What to work on: Show all lines from the listing below that contain "Derivative".

Recorded data:
━━━━
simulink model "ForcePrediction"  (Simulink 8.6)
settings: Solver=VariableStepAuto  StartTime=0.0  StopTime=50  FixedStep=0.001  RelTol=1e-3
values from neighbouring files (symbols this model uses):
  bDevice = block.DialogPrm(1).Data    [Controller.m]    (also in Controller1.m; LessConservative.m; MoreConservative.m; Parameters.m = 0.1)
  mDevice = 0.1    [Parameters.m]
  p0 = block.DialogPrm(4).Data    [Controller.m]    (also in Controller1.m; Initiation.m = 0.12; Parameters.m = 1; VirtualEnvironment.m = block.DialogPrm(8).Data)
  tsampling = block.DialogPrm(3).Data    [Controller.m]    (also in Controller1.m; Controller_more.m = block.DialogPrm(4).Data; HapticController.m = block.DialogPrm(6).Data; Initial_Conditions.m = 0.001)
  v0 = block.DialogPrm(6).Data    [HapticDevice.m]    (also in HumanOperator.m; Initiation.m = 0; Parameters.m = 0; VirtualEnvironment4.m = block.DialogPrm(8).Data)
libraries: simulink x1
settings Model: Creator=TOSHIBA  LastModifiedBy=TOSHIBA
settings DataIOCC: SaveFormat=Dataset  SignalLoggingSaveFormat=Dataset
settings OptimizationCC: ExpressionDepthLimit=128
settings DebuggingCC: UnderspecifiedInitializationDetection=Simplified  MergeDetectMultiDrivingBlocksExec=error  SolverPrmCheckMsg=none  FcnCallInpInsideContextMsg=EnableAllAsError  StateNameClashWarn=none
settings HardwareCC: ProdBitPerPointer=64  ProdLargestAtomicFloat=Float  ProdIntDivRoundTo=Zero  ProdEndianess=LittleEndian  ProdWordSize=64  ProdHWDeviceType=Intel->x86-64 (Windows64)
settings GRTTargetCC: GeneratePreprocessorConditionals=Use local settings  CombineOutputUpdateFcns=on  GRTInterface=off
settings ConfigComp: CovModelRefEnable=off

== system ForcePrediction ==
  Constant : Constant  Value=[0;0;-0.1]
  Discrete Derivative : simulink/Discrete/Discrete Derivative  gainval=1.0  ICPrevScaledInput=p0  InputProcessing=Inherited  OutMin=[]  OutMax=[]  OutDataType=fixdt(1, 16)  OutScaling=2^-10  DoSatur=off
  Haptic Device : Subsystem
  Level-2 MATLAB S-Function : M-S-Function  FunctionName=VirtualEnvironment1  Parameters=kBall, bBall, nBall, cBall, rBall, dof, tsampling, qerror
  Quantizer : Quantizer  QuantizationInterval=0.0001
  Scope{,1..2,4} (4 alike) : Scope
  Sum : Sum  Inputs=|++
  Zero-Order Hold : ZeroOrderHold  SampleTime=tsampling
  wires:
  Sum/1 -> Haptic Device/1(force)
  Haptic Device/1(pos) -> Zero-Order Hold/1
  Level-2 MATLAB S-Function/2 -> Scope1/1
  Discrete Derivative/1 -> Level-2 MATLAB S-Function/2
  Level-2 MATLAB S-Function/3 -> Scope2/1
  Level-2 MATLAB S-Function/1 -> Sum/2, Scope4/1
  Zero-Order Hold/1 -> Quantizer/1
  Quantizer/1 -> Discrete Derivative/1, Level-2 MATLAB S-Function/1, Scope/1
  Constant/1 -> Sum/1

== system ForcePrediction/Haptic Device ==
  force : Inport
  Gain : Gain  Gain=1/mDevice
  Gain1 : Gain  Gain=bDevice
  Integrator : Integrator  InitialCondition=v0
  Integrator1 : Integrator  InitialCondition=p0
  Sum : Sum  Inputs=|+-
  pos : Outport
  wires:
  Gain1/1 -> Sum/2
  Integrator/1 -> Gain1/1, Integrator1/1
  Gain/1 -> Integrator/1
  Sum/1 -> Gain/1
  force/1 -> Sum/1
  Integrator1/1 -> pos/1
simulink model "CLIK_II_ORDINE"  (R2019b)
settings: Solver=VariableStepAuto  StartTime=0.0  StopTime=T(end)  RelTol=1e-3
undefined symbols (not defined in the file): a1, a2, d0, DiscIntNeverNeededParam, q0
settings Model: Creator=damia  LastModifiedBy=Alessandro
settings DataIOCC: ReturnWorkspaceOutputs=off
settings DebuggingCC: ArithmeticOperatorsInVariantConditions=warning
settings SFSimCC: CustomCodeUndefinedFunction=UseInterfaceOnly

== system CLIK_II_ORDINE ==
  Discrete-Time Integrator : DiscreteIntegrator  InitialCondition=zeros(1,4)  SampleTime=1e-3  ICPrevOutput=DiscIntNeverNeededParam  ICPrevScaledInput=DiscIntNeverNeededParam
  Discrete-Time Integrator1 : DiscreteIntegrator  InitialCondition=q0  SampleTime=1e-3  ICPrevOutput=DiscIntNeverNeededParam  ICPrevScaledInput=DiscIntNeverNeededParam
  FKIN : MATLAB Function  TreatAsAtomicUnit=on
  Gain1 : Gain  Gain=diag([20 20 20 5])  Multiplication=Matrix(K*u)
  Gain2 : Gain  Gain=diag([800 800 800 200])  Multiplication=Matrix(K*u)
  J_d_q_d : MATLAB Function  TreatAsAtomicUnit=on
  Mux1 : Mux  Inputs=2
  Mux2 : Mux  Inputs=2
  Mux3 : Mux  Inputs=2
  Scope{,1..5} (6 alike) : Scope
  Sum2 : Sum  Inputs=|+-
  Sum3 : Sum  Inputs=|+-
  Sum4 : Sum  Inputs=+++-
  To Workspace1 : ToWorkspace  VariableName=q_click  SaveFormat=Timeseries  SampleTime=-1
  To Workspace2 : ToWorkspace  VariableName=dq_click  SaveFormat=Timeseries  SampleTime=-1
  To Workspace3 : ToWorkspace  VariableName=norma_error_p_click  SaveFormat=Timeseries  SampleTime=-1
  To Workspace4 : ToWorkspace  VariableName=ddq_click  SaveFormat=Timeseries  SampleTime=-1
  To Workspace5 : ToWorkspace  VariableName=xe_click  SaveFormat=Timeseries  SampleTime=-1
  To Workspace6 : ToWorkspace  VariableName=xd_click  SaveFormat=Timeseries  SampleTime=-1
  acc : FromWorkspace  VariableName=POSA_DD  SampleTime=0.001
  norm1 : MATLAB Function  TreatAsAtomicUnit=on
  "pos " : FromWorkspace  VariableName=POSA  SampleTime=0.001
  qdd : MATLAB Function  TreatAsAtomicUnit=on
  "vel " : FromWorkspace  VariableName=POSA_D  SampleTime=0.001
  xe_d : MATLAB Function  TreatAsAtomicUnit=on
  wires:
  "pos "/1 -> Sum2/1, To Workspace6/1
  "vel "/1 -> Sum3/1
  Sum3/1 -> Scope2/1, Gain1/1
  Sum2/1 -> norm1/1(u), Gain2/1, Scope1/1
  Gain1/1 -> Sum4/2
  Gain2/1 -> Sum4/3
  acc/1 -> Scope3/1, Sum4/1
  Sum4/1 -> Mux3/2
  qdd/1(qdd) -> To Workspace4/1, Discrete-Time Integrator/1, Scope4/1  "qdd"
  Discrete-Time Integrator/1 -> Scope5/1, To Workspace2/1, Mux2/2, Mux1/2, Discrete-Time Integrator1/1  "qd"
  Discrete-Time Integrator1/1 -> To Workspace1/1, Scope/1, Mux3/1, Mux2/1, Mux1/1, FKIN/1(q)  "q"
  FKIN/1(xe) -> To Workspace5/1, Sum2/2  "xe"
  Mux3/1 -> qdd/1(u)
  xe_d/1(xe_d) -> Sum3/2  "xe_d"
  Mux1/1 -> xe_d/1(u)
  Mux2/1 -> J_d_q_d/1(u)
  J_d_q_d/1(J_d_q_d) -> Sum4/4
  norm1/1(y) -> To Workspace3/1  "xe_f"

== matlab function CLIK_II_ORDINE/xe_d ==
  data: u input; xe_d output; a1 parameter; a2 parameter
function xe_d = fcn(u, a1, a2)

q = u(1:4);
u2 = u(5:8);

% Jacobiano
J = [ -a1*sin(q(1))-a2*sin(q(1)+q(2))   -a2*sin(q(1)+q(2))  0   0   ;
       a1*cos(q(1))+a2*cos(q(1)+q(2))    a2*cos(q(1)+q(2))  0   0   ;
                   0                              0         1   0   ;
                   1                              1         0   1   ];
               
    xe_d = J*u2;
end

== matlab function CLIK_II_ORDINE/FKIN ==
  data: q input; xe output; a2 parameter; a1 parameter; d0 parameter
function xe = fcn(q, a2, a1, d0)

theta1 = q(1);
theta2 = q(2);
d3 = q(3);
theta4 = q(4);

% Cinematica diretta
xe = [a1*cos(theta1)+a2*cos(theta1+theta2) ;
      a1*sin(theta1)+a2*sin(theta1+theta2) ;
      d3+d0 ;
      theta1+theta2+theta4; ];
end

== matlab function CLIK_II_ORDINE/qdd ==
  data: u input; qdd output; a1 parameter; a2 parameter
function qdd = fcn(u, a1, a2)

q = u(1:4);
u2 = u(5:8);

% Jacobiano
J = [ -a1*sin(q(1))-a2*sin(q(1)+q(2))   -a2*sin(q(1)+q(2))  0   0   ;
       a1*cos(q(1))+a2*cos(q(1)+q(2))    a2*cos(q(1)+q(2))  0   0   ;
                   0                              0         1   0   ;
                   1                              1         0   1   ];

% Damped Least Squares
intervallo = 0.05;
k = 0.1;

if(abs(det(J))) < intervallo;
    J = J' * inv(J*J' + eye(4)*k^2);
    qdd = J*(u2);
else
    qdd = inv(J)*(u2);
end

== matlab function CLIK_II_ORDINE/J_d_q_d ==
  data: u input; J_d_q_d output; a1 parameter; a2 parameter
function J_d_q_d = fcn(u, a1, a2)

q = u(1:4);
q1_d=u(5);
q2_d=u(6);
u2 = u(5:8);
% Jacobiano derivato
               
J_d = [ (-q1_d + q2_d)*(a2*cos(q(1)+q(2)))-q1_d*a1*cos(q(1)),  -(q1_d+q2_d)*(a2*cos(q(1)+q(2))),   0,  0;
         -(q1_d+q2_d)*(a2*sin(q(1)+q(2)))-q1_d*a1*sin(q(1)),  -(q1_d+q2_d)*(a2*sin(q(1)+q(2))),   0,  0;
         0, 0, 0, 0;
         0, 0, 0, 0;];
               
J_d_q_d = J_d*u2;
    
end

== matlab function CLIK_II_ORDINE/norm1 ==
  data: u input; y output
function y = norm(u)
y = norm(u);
━━━━
Task response:
  Discrete Derivative : simulink/Discrete/Discrete Derivative  gainval=1.0  ICPrevScaledInput=p0  InputProcessing=Inherited  OutMin=[]  OutMax=[]  OutDataType=fixdt(1, 16)  OutScaling=2^-10  DoSatur=off
  Discrete Derivative/1 -> Level-2 MATLAB S-Function/2
  Quantizer/1 -> Discrete Derivative/1, Level-2 MATLAB S-Function/1, Scope/1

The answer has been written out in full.